Haría diez años que no le veía, intenté recordar la última vez y apareció su cabeza cuadrada de robot adolescente asomando por encima de mi hombro, sentados en el aula de la academia. Le vi de perfil, mientras cancelaba su bono. Yo había cogido el 95 para bajar desde la Avenue de la Couronne a la Bourse, y me había sentado al fondo. Él subió en la Place Luxembourg, rodeado de funcionarios con gabardinas negras empapadas y prisa por alejarse de Bruselas el fin de semana. Llovía con fuerza y el Ralph’s y el resto de las pubs cercanos al Parlamento habían instalado en sus terrazas estufas y carpas para el afterwork de los stagiares. Vestía un abrigo corto, y recordé que siempre me había gustado su ropa. No tenía noticia de que viviese en Bruselas, pero tampoco me sorprendió. Simplemente sabía que había estudiado Historia del Arte y que una enfermedad larga le apartó de las aulas algún tiempo.

¡Cómo le había odiado! Sus estúpidas bromas y su afición a ponerme en ridículo. Le recordaba titubeando, disimulando con chistes absurdos su incapacidad para resolver los ejercicios más básicos, exagerando hasta el extremo sus errores para convertir su torpeza en un show con el que entretener a la clase. Mejor parecer payaso, que idiota, supongo que pensaba. Tenía algún defecto leve al pronunciar, no recordaba cuál, ni siquiera si era un defecto o el resto de un acento, lo que no había olvidado era su escandalosa risa equina.

No estábamos en el mismo grupo de amigos, sólo coincidíamos en la academia un par de tardes a la semana. De regreso a casa se desviaba para acompañarme un rato. ¿Se puede detestar a alguien y, al mismo tiempo, buscarle para estar con él? Supongo que todo resultaba contradictorio entonces. Me irritaba, pero me daba pena. A veces alguien se burlaba de su manera de hablar, yo fingía que me alegraba, sin embargo, tenía un punto de fragilidad que me podía, quizá su aspecto de niño que había crecido antes de tiempo. Un sábado al mediodía me llamó. Nunca lo había hecho, ni siquiera sabía cómo había conseguido mi número.

Acepté, pero no se lo dije a nadie. Fue algo de lo que tardé en hablar. Al llegar al Xesteira, él estaba en la entrada, mirando fotografías de escenas de películas sujetas a un corcho con alfileres. No recuerdo cuál íbamos a ver, eran años que iba con frecuencia al cine. Entonces no sabía la razón o no la quería saber, pero allí sentados, me sentía incómodo. En un momento noté su brazo pasando por mi espalda. Me levanté y salí del cine. Seguimos coincidiendo en la academia, pero nunca hablamos de aquello.

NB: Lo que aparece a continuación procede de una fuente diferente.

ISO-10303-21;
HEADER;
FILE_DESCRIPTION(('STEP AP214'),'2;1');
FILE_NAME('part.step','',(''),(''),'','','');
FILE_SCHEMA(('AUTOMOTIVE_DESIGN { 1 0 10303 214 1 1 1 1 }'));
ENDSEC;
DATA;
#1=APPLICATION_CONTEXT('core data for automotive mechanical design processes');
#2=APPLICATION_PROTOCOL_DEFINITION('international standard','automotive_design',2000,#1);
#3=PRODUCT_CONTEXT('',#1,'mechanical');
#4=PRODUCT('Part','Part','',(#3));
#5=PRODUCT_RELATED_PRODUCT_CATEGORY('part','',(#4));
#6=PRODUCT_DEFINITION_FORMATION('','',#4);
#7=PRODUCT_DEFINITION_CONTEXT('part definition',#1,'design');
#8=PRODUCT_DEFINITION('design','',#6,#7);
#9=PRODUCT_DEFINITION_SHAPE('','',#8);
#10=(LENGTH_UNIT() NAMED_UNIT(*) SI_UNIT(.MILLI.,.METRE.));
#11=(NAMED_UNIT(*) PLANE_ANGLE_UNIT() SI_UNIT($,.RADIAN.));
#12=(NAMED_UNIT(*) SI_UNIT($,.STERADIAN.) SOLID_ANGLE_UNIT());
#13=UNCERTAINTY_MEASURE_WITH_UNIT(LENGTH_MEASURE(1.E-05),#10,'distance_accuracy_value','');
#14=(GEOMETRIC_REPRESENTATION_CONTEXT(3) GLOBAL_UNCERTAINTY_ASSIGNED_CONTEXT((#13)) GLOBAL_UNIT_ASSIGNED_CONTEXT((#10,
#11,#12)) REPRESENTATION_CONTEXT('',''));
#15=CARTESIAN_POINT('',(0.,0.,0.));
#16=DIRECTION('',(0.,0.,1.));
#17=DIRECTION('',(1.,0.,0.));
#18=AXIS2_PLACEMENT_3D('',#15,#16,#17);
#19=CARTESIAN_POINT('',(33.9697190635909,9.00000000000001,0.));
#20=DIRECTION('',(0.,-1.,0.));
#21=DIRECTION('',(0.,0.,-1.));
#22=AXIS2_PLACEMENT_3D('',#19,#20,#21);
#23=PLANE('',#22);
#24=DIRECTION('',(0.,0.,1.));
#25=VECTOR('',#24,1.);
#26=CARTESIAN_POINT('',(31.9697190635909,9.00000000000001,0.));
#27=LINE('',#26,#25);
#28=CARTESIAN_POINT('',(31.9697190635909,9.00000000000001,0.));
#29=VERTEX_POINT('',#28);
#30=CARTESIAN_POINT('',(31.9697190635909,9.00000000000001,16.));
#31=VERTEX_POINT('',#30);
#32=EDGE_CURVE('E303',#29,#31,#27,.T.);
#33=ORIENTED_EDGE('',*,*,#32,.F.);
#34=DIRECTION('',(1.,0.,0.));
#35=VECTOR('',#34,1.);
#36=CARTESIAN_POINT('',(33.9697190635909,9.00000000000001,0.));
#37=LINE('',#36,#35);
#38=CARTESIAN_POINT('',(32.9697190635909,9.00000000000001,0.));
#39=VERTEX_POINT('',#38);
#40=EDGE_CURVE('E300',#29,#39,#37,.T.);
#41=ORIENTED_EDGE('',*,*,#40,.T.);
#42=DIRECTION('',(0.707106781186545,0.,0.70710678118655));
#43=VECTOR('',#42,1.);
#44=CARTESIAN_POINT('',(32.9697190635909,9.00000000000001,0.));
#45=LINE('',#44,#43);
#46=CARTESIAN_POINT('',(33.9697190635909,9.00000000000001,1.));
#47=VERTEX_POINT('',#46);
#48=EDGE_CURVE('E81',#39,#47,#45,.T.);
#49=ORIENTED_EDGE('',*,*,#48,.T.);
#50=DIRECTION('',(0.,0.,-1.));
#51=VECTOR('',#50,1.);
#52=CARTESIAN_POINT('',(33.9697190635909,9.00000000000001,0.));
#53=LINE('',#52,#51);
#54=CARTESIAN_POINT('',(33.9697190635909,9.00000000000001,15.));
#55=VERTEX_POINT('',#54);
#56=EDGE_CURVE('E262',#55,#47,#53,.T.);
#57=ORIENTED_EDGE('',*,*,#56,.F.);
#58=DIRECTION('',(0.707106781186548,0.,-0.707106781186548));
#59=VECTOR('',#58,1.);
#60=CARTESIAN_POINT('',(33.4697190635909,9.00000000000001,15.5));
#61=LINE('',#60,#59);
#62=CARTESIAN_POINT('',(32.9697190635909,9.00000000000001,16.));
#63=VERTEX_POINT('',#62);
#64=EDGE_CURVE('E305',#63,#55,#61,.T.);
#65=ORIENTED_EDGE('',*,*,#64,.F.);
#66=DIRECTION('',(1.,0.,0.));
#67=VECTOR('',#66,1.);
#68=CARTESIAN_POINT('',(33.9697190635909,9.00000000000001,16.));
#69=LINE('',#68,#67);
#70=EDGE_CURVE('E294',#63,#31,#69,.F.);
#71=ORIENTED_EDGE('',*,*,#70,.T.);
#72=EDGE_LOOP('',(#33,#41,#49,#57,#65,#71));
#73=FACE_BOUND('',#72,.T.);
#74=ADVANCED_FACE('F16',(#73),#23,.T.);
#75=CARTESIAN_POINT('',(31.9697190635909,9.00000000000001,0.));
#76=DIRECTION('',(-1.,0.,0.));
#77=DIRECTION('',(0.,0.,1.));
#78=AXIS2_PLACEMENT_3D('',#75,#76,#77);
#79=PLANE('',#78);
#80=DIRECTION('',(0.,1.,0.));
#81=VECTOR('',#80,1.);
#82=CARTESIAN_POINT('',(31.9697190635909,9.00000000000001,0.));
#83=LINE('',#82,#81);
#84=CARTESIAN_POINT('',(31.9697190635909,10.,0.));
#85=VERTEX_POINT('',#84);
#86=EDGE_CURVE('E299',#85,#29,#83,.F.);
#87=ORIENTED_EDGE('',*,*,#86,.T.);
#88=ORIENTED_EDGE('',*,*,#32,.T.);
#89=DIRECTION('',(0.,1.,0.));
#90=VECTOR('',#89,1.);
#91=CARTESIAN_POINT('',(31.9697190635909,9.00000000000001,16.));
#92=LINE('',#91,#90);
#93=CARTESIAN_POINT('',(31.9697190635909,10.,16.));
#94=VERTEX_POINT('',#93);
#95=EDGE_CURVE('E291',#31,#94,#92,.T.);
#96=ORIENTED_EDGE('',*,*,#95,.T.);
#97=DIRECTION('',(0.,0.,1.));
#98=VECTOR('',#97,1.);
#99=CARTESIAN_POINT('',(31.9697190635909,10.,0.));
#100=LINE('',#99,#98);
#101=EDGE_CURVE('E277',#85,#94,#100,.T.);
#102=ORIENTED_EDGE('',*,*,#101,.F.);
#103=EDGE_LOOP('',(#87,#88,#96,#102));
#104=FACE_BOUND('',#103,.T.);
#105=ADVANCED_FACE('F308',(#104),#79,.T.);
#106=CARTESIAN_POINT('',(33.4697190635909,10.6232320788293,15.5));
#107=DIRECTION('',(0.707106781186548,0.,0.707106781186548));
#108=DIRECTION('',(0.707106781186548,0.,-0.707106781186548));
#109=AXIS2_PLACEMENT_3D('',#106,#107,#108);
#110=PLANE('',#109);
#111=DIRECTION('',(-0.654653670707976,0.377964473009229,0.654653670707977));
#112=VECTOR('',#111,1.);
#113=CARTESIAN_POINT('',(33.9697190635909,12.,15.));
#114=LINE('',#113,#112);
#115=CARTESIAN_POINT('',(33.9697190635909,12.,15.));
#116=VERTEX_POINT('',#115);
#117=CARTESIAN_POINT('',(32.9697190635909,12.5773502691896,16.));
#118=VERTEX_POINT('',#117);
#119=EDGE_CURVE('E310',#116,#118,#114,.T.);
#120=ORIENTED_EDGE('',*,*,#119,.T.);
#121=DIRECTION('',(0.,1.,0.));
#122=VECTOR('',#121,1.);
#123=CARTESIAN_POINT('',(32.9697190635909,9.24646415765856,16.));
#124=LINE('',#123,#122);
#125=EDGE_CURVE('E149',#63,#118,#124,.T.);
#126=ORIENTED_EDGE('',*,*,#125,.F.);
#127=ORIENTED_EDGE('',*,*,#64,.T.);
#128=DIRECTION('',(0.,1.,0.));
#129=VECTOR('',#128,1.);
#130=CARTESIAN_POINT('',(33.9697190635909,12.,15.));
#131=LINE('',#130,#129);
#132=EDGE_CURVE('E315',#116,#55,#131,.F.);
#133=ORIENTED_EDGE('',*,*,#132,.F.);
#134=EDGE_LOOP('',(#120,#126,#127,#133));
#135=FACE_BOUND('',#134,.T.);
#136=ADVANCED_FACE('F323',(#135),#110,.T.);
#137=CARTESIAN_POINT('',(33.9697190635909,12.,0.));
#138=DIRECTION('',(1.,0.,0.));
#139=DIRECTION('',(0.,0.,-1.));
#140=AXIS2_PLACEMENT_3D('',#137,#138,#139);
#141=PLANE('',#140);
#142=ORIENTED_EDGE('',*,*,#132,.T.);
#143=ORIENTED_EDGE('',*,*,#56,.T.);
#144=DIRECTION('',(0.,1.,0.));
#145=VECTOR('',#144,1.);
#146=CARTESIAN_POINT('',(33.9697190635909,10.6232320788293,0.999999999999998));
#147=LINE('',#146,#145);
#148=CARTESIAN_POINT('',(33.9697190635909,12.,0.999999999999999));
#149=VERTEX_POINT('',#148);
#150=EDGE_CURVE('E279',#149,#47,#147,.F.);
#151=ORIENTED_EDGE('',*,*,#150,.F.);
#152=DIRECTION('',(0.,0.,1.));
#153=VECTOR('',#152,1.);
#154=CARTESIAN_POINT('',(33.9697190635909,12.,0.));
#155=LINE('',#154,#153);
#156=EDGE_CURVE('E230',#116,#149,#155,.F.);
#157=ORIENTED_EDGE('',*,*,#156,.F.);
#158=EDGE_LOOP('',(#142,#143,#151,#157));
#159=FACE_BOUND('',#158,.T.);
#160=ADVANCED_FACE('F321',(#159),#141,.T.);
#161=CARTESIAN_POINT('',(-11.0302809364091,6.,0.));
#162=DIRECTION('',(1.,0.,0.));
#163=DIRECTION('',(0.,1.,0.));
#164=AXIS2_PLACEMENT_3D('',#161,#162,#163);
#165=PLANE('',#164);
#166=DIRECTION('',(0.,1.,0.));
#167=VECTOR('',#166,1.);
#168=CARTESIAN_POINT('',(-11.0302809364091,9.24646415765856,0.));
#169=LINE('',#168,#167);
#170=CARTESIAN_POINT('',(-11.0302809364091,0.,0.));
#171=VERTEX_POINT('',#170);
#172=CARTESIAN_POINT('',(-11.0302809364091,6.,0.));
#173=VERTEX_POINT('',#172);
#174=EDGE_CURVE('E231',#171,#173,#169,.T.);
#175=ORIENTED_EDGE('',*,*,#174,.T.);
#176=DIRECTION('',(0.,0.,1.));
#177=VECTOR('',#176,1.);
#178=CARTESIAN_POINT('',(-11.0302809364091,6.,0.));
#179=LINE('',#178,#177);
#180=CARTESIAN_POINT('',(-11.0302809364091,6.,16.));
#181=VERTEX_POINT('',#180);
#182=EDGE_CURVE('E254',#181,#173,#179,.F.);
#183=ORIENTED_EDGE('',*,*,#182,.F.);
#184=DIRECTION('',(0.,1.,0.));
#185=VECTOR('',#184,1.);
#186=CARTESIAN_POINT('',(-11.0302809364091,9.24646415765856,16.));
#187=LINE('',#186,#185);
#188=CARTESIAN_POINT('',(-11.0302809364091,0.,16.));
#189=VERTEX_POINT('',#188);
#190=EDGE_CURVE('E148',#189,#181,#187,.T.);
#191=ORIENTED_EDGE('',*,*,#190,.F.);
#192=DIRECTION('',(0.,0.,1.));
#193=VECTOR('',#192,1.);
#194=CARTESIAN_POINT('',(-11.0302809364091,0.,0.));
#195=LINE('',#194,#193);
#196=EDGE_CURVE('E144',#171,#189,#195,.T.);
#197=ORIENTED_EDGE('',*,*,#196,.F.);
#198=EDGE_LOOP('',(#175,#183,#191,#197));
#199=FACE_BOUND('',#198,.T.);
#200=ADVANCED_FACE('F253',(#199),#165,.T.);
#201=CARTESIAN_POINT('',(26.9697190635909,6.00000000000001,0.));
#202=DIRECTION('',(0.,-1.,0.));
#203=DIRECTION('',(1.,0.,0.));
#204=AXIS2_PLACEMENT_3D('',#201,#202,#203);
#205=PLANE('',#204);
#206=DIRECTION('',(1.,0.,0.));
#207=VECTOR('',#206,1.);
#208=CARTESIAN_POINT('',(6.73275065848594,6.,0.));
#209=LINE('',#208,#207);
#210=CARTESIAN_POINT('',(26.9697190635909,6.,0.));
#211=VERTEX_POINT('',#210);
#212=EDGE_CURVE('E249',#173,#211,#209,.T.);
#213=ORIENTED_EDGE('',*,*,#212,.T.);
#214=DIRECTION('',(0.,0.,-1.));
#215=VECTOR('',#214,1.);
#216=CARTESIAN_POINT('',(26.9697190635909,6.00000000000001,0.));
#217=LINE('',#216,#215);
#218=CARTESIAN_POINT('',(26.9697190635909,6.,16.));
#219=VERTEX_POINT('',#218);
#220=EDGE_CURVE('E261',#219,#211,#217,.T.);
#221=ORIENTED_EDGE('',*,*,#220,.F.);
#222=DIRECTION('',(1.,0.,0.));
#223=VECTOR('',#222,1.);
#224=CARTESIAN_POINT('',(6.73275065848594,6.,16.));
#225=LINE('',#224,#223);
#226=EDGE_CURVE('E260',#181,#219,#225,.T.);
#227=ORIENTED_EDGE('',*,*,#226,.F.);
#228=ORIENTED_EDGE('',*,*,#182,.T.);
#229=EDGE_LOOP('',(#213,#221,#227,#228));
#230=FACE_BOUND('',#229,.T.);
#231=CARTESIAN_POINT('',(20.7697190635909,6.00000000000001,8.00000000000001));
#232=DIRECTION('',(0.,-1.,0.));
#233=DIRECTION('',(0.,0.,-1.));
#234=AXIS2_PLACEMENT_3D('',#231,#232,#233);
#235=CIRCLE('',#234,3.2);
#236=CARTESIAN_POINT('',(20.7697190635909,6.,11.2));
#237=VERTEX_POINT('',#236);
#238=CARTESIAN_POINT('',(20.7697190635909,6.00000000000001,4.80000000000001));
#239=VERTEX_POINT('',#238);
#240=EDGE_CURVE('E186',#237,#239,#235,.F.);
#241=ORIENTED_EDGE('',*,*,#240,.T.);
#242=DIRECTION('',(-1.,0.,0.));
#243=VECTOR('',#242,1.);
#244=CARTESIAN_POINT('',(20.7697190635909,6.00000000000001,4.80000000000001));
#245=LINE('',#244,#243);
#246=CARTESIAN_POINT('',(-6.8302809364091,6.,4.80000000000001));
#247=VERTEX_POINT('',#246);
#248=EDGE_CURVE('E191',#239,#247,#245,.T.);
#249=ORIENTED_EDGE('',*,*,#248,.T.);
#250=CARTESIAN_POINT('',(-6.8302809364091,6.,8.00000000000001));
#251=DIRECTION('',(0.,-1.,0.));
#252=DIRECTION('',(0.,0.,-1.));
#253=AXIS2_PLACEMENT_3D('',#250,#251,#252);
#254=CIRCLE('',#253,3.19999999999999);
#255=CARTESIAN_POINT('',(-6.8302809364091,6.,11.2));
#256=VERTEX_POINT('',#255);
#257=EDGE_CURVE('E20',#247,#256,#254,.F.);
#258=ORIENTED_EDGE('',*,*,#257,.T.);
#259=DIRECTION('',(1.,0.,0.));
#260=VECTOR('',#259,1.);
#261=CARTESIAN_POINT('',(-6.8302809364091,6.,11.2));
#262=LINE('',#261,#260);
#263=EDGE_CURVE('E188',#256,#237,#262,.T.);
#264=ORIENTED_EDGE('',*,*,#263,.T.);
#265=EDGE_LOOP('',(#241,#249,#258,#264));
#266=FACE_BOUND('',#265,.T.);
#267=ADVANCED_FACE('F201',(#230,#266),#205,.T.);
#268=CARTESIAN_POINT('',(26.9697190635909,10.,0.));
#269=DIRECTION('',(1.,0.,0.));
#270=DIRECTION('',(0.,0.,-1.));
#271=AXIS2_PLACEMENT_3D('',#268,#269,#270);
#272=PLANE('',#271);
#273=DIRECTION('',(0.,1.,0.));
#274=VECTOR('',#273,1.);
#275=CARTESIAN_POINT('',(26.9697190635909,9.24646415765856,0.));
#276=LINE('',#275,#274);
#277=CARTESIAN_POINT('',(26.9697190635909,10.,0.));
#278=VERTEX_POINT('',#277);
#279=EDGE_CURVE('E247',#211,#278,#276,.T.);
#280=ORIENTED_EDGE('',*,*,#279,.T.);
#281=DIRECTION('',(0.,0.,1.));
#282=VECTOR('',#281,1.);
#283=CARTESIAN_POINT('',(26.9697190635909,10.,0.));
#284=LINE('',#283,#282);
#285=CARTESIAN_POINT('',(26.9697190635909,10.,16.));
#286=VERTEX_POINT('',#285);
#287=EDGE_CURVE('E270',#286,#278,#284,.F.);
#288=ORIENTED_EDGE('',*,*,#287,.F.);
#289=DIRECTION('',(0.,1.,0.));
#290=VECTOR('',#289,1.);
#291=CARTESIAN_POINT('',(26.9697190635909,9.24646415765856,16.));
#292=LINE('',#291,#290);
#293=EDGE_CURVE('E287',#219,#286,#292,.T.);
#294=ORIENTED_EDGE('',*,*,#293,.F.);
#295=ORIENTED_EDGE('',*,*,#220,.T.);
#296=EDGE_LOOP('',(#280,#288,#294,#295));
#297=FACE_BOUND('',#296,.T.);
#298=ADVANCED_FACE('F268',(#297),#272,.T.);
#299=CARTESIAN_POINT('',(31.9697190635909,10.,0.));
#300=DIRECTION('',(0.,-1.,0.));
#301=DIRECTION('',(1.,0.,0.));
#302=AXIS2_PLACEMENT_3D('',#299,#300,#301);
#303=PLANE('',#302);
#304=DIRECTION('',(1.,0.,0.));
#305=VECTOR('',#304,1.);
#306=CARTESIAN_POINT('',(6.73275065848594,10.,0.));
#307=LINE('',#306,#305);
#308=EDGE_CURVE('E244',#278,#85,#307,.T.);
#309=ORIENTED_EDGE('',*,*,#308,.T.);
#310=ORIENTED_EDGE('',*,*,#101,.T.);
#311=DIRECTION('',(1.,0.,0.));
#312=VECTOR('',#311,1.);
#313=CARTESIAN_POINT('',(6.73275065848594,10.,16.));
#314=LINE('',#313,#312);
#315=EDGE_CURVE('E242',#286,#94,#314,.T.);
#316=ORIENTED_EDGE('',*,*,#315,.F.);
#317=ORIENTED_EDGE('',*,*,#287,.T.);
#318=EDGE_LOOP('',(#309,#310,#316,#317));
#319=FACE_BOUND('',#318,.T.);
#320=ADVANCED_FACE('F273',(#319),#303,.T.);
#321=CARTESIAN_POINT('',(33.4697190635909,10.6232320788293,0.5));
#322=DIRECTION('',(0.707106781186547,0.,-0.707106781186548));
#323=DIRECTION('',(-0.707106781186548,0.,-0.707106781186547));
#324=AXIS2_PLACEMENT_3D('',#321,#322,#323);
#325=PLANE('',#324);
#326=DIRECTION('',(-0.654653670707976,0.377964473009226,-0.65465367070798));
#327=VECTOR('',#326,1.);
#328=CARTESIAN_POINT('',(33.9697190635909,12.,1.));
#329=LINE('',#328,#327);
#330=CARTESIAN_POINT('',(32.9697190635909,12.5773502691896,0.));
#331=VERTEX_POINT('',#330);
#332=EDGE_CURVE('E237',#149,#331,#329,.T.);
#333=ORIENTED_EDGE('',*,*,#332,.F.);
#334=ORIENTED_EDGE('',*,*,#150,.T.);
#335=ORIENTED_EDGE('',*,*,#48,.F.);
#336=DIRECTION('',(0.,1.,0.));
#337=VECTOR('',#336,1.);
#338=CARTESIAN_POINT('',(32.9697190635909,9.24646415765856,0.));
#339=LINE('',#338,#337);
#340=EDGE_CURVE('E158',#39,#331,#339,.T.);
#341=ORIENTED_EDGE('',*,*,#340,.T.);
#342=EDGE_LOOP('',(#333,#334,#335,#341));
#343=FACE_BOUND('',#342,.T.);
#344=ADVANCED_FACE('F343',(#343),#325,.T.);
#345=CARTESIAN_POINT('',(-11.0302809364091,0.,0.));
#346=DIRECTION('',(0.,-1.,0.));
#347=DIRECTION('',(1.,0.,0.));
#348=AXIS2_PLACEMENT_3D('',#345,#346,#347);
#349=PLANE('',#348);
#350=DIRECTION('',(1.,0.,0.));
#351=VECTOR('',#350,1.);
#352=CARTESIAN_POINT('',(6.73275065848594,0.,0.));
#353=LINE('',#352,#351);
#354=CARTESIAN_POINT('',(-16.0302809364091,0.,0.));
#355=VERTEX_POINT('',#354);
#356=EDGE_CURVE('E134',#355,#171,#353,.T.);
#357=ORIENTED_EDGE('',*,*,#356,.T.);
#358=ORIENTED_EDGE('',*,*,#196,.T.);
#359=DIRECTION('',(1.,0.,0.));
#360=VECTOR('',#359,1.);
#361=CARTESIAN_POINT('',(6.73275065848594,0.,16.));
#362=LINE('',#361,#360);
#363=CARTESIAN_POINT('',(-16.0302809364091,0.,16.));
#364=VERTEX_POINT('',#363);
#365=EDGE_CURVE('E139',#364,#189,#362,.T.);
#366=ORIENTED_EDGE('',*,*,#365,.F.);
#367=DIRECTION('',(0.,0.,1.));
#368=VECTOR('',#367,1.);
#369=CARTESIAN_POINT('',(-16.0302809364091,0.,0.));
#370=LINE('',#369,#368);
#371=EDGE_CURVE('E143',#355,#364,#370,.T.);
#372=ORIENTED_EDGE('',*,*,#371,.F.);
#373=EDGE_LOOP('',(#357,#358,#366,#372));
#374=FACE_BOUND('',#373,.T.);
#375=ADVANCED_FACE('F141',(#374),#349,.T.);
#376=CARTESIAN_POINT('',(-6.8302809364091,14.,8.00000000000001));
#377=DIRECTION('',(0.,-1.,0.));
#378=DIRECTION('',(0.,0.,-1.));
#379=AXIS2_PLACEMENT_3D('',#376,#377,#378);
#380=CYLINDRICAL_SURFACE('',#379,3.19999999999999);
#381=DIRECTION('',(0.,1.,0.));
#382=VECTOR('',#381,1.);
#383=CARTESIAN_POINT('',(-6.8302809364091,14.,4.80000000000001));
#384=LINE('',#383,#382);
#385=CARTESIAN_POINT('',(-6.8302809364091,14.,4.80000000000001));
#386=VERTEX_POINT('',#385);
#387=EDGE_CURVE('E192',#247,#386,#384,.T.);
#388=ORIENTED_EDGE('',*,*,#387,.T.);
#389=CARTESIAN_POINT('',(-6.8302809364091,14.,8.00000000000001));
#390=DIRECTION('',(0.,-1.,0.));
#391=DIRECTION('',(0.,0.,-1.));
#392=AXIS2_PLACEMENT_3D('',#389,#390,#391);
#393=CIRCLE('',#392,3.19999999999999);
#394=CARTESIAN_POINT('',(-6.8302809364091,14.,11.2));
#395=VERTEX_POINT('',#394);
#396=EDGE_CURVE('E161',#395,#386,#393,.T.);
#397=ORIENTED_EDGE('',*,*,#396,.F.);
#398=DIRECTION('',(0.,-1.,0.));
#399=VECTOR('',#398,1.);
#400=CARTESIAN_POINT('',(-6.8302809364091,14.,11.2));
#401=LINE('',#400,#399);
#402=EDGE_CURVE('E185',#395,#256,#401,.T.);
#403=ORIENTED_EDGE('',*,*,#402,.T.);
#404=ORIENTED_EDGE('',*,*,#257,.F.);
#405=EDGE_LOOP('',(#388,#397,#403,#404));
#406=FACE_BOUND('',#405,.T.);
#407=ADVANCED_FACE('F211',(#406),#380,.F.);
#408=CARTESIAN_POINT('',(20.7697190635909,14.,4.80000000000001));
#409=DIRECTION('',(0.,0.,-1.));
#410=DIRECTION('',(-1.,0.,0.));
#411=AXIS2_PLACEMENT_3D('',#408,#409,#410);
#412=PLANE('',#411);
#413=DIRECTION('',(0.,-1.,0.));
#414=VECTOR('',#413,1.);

Nos limitábamos a saludarnos e intercambiar algún comentario sin importancia. Él dejó las bromas y también de acompañarme a casa. El curso siguiente, cambié de academia y nos perdimos de vista.

Habían pasado diez años, y sentía curiosidad por saber qué había sido de su vida y quizá también me apetecía que supiese algo de la mía. Le llevó más tiempo reconocerme a mí que yo a él. Yo estaba de pie en el pasillo, agarrado a una de las barras, intentando no perder el equilibrio. Con la lluvia, el suelo estaba resbaladizo y los cristales del autobús se habían empañado por el vapor. No parecía nervioso, simplemente sonrió sorprendido. En cuatro frases atropelladas nos pusimos al día, sin pensarlo, le dije que deberíamos vernos y nos intercambiamos el móvil. Le conté que había quedado en el Fontainas y le animé a pasarse para presentarle a mis amigos. Cuando le pregunté si conocía el sitio se quedó callado un par de segundos, como si le sorprendiese, y no contestó. Se bajó en la siguiente parada. Nunca nos llamamos, pero me habría gustado que se hubiese acercado aquella tarde y preguntarle cómo terminó aquella película.